- The paper presents a new weighted strategy for non-stationary parametric bandits that employs a single covariance matrix for efficient estimation.
- It demonstrates improved regret bounds of O(d^(3/4) P_T^(1/4) T^(3/4)) for linear bandits, surpassing previous computational and statistical methods.
- Extensions to generalized linear and self-concordant bandits illustrate the approach's robustness and potential for adaptive, real-world applications.

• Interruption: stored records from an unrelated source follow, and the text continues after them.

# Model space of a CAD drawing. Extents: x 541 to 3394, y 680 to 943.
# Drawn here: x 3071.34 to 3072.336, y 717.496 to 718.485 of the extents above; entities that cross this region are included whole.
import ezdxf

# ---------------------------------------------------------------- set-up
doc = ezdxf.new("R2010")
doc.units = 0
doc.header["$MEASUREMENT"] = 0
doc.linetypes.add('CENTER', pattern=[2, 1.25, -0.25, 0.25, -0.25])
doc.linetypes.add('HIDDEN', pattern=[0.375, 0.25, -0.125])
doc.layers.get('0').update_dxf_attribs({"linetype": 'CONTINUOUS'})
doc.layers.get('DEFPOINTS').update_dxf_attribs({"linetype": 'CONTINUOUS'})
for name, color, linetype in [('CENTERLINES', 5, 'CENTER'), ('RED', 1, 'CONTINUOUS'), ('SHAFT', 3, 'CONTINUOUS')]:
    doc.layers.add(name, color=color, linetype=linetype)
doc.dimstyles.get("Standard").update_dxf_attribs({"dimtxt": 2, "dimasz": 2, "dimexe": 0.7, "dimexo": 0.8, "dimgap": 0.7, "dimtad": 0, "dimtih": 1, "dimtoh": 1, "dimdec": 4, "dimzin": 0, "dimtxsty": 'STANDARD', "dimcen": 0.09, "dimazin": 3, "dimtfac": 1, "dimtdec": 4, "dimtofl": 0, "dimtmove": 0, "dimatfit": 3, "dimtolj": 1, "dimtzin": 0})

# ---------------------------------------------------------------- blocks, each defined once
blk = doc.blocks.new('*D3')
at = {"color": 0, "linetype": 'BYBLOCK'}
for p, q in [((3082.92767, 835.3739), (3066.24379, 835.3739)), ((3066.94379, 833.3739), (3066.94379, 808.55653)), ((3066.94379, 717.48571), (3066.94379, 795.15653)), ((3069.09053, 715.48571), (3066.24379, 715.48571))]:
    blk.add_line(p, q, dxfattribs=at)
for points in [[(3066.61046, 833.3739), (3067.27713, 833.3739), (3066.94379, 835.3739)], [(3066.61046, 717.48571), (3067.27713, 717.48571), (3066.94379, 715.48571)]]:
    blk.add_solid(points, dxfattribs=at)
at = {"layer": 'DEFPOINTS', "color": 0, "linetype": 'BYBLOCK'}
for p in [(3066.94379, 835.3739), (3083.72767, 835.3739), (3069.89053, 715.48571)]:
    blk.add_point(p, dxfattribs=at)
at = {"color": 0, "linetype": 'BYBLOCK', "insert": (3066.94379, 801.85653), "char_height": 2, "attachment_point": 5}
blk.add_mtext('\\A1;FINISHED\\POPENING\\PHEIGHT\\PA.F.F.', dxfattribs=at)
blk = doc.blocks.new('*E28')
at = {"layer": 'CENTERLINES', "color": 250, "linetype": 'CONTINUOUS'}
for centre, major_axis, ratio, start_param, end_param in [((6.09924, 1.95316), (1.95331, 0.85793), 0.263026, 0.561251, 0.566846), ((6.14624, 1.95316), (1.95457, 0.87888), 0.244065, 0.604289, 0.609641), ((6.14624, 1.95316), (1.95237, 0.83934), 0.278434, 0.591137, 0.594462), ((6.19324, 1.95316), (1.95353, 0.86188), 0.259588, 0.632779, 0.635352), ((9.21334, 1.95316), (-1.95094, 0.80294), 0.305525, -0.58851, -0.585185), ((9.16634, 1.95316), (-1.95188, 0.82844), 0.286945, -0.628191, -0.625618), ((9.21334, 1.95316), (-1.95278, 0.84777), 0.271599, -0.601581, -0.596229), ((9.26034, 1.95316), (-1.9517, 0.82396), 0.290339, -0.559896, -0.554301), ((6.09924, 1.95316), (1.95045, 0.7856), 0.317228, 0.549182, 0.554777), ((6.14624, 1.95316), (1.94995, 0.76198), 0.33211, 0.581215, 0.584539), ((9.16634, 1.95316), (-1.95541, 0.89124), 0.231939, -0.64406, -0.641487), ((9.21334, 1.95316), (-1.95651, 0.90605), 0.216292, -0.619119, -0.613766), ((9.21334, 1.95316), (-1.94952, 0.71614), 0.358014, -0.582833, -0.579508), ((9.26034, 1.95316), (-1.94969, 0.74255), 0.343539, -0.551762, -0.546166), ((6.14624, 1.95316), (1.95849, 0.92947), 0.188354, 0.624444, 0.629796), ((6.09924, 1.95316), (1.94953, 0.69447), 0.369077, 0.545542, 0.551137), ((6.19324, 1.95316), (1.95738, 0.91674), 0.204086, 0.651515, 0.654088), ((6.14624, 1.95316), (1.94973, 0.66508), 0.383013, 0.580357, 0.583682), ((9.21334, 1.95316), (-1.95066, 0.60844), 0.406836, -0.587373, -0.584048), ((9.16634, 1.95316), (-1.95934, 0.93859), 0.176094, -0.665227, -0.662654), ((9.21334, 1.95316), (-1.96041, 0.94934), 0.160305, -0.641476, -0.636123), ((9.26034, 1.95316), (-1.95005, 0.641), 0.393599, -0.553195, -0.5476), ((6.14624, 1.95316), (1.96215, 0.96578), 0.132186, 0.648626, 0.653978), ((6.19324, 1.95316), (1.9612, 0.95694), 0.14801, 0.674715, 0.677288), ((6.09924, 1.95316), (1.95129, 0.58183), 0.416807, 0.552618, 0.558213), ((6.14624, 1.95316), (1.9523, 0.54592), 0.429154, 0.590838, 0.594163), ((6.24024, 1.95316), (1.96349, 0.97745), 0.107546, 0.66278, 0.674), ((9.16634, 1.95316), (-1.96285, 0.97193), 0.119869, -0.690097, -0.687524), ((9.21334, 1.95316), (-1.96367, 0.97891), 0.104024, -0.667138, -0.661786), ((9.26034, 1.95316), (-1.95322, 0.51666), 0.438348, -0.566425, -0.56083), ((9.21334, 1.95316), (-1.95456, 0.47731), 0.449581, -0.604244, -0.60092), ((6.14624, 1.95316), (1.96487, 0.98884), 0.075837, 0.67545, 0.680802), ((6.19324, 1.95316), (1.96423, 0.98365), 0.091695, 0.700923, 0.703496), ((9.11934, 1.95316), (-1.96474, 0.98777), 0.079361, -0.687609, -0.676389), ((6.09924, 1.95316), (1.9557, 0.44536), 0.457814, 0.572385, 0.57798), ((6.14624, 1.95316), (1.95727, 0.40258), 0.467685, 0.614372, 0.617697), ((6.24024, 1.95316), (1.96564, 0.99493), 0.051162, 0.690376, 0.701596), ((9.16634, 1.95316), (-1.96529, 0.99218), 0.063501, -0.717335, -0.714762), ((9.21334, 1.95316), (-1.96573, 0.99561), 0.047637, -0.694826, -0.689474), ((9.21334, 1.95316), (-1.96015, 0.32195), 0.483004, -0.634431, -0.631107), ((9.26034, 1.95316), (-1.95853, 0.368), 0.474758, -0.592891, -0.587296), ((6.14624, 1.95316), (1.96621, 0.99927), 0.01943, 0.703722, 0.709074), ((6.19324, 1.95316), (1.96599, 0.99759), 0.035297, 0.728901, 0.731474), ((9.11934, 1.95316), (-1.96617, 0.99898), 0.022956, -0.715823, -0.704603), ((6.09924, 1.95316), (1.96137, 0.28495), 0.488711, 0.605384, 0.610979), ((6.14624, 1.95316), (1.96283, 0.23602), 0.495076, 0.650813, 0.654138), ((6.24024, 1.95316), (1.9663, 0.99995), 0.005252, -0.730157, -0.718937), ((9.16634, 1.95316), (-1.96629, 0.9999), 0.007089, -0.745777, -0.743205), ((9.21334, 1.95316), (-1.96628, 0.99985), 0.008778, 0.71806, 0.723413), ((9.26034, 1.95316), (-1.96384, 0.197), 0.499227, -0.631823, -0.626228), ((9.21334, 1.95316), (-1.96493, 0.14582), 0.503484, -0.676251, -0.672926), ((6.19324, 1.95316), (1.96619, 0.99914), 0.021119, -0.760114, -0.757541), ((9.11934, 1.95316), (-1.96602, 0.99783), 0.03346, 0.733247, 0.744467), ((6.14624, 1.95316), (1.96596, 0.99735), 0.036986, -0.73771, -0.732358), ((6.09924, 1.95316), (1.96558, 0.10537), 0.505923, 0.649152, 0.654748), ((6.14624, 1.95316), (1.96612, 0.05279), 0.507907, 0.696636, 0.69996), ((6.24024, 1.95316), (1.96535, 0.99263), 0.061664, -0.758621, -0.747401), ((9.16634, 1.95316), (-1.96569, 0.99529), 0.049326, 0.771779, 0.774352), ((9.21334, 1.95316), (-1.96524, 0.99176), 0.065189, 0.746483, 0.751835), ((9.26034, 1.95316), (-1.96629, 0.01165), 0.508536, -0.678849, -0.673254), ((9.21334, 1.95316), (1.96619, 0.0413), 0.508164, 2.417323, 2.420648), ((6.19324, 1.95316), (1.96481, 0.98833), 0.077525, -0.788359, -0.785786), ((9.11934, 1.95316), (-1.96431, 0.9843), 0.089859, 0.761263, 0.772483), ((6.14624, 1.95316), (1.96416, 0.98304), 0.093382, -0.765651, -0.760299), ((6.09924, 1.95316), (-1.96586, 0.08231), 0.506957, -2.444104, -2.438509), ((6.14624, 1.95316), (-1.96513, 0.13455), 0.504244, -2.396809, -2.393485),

Revisiting Weighted Strategy for Non-stationary Parametric Bandits
The paper "Revisiting Weighted Strategy for Non-stationary Parametric Bandits" (2303.02691) presents a refined framework for analyzing and implementing weighted strategies in non-stationary parametric bandit problems. The authors develop a simpler and more efficient approach that aligns with standard sliding-window and restart strategies while achieving comparable or superior regret bounds.
Introduction
Bandit problems in non-stationary environments necessitate strategies that adapt to time-varying reward distributions. The paper addresses the limitations of previous weighted strategies that were computationally inefficient or statistically suboptimal. By refining the regret analysis framework, the authors introduce a new weighted strategy that is as efficient as existing window or restart-based strategies, yet retains favorable regret bounds.
Linear Bandits
Problem Setting
In the context of Linear Bandits (LB), the expected reward for selecting an arm is modeled as the inner product of the arm's feature vector and an unknown time-varying parameter. The goal is to minimize dynamic regret, the difference between the cumulative reward of the optimal strategy and the learner's strategy.
Algorithm and Analysis
The proposed \texttt{LBweightours} algorithm employs a weighted regularized least square estimator. The crucial novelty lies in using a single covariance matrix for the estimator, reducing computational complexity compared to prior approaches that required multiple covariance matrices.
\begin{equation}
r_t = X_t\T\theta_t + \eta_t,
\end{equation}
where rt​ is the reward, θt​ is the unknown parameter, and ηt​ represents noise. The algorithm calculates the estimator $\thetah_t$ using:
\begin{equation}
\thetah_t = V_{t-1}{-1}(\sum_{s=1}{t-1}\gamma{t-s-1}r_sX_s).
\end{equation}
This approach achieves a regret bound of $\Ot(d^{3/4} P_T^{1/4} T^{3/4})$, improving prior results dependent on dimensional assumptions.


Figure 1: Experiments of linear bandits.
Generalized Linear Bandits
The framework extends to Generalized Linear Bandits (GLB), where rewards follow a generalized linear model with a time-varying parameter. The paper's approach simplifies analysis by aligning bias and variance estimation terms under the same local norm, addressing critical limitations of prior weighted GLB algorithms.
Algorithm Improvements
The \texttt{GLBweightours} algorithm modifies the estimation process:
- Estimator Calculation: Simplifies projections using consistent norms.
- Theoretical Performance: Achieves improved regret bounds of $\Ot(k_\mu^{5/4} c_\mu^{-3/4} d^{3/4} P_T^{1/4} T^{3/4})$, surpassing existing algorithms while requiring less computational effort.
Self-Concordant Bandits
Problem Setting
Self-Concordant Bandits (SCB) are a subclass of GLB, suitable for handling logistic or exponential family rewards. The paper extends the weighted strategy to these bandits, offering enhanced efficiency without sacrificing theoretical guarantees.
Results and Discussion
A distinctive contribution for SCB is the introduction of novel local norms that better capture reward structure, significantly improving dependency on problem-specific constants such as cμ​. The resulting algorithm is both simpler and more effective for logistic bandits, a common instance in real-world applications.
Conclusion and Future Work
The paper successfully revisits and simplifies weighted strategies for various parametric bandit models. A uniform analysis framework resolves inefficiencies seen in prior work, yielding algorithms that are theoretically robust and computationally efficient. Future research directions could include adaptive weight-based strategies that forego prior knowledge of environment non-stationarity, potentially leveraging ideas from adaptive restart algorithms.
The refined approach not only addresses theoretical gaps but also paves the way for practical applications in evolving, real-world scenarios. Future explorations may focus on integrating information-theoretic concepts to refine characterizations of gradual environmental changes further.